YOUR INSTRUCTIONS » Find the word "linetype" in the material below and gather every line that contains it.

ENTRIES PROVIDED »

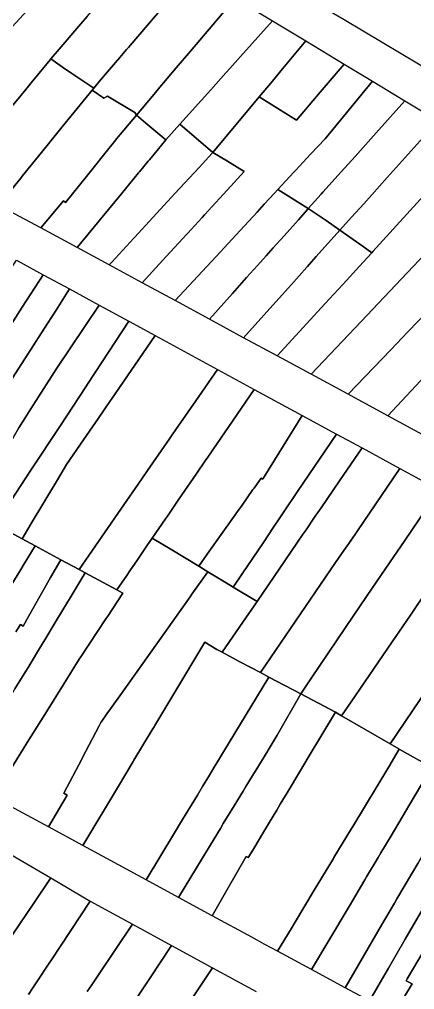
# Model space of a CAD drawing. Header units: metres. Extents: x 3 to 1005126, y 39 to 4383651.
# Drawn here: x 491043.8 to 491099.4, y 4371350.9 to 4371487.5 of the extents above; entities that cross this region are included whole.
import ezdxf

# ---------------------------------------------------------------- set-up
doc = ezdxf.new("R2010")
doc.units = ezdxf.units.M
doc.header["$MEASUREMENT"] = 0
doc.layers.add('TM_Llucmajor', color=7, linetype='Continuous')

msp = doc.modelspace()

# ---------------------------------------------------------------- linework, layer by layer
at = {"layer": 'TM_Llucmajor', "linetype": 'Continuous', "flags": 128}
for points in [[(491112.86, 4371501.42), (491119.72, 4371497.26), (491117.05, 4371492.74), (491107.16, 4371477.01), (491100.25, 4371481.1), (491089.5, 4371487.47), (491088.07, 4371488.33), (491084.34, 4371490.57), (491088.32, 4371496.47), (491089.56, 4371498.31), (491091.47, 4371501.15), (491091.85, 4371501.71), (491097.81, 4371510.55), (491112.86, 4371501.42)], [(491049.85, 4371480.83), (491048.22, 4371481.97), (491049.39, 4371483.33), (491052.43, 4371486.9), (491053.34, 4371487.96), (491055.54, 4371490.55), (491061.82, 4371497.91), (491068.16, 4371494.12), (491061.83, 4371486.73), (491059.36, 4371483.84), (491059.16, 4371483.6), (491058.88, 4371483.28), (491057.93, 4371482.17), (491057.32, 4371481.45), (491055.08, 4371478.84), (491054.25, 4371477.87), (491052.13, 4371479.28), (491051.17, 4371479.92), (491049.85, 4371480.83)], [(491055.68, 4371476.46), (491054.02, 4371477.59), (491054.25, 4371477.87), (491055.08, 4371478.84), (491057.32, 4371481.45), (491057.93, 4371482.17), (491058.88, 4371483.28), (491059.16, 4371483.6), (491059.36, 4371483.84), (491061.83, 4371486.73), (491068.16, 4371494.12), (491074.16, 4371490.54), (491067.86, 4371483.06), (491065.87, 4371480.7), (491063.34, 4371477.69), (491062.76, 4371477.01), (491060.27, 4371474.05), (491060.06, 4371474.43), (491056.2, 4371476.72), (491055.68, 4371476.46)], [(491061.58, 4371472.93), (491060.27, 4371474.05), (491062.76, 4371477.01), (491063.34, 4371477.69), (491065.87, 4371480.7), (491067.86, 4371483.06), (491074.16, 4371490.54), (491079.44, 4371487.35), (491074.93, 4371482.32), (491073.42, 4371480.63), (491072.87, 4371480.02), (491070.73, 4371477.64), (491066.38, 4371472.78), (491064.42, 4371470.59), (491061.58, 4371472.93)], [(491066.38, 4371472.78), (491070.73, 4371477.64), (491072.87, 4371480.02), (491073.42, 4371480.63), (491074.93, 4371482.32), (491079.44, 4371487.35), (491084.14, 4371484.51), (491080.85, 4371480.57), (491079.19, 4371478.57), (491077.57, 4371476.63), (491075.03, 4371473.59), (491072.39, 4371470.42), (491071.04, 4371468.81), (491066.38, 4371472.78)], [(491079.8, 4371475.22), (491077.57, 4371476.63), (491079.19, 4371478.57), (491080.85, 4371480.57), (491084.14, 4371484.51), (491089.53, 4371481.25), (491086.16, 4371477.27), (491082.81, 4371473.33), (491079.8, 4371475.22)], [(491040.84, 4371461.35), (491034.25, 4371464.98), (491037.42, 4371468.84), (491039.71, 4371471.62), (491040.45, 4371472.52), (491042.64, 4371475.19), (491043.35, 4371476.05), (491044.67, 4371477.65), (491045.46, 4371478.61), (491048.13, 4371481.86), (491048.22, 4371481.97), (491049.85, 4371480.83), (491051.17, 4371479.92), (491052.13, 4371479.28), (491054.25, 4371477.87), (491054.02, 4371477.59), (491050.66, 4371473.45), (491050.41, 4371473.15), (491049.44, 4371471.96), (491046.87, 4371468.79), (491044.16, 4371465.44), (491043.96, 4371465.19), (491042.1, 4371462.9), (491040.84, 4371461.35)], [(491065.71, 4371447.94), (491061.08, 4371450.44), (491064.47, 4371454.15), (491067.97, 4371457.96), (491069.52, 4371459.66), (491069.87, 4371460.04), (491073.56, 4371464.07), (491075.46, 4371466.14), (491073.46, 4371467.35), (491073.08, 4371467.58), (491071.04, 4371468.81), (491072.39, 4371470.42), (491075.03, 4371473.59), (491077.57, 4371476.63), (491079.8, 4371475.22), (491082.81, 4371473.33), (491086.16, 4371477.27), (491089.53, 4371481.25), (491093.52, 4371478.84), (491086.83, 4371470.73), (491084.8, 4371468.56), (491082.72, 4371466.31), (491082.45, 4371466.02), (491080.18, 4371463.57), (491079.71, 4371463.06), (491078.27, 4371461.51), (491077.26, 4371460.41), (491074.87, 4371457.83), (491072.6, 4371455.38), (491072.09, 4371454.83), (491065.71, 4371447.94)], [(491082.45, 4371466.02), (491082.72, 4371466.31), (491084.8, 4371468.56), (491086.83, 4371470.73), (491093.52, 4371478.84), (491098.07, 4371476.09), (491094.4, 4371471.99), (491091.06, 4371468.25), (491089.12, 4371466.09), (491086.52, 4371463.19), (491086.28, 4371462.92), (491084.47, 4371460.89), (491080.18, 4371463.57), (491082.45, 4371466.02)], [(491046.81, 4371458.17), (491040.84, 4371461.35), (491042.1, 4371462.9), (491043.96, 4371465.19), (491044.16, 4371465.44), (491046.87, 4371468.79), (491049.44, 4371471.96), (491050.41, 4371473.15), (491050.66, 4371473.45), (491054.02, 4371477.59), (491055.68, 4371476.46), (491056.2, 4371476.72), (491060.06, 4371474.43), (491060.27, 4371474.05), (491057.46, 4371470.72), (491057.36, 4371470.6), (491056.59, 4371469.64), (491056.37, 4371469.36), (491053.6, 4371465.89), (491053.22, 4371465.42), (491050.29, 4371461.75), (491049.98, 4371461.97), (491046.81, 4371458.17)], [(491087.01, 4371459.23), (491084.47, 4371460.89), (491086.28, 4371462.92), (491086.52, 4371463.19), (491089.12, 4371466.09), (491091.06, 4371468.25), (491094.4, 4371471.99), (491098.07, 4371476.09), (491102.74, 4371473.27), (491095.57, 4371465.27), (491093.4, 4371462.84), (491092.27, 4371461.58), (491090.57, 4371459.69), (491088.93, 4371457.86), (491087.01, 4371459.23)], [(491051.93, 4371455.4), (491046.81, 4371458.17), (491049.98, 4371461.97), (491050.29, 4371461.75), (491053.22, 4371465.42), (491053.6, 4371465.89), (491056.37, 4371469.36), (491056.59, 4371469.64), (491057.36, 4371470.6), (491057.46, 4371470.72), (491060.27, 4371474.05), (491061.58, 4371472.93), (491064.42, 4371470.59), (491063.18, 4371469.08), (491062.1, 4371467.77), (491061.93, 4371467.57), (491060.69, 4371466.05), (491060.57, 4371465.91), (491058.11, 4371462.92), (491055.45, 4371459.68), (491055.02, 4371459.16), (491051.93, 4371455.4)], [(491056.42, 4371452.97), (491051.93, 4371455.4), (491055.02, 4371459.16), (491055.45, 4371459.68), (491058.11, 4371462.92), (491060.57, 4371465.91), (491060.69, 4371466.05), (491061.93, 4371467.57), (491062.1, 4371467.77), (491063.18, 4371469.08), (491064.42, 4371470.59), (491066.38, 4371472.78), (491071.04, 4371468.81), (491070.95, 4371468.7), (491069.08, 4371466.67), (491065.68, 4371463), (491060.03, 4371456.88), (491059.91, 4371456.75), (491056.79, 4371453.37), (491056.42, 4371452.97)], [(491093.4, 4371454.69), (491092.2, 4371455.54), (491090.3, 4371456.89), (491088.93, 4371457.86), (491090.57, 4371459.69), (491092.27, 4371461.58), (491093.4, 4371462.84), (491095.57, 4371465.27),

EXERCISE RESPONSE »
doc.layers.add('TM_Llucmajor', color=7, linetype='Continuous')
at = {"layer": 'TM_Llucmajor', "linetype": 'Continuous', "flags": 128}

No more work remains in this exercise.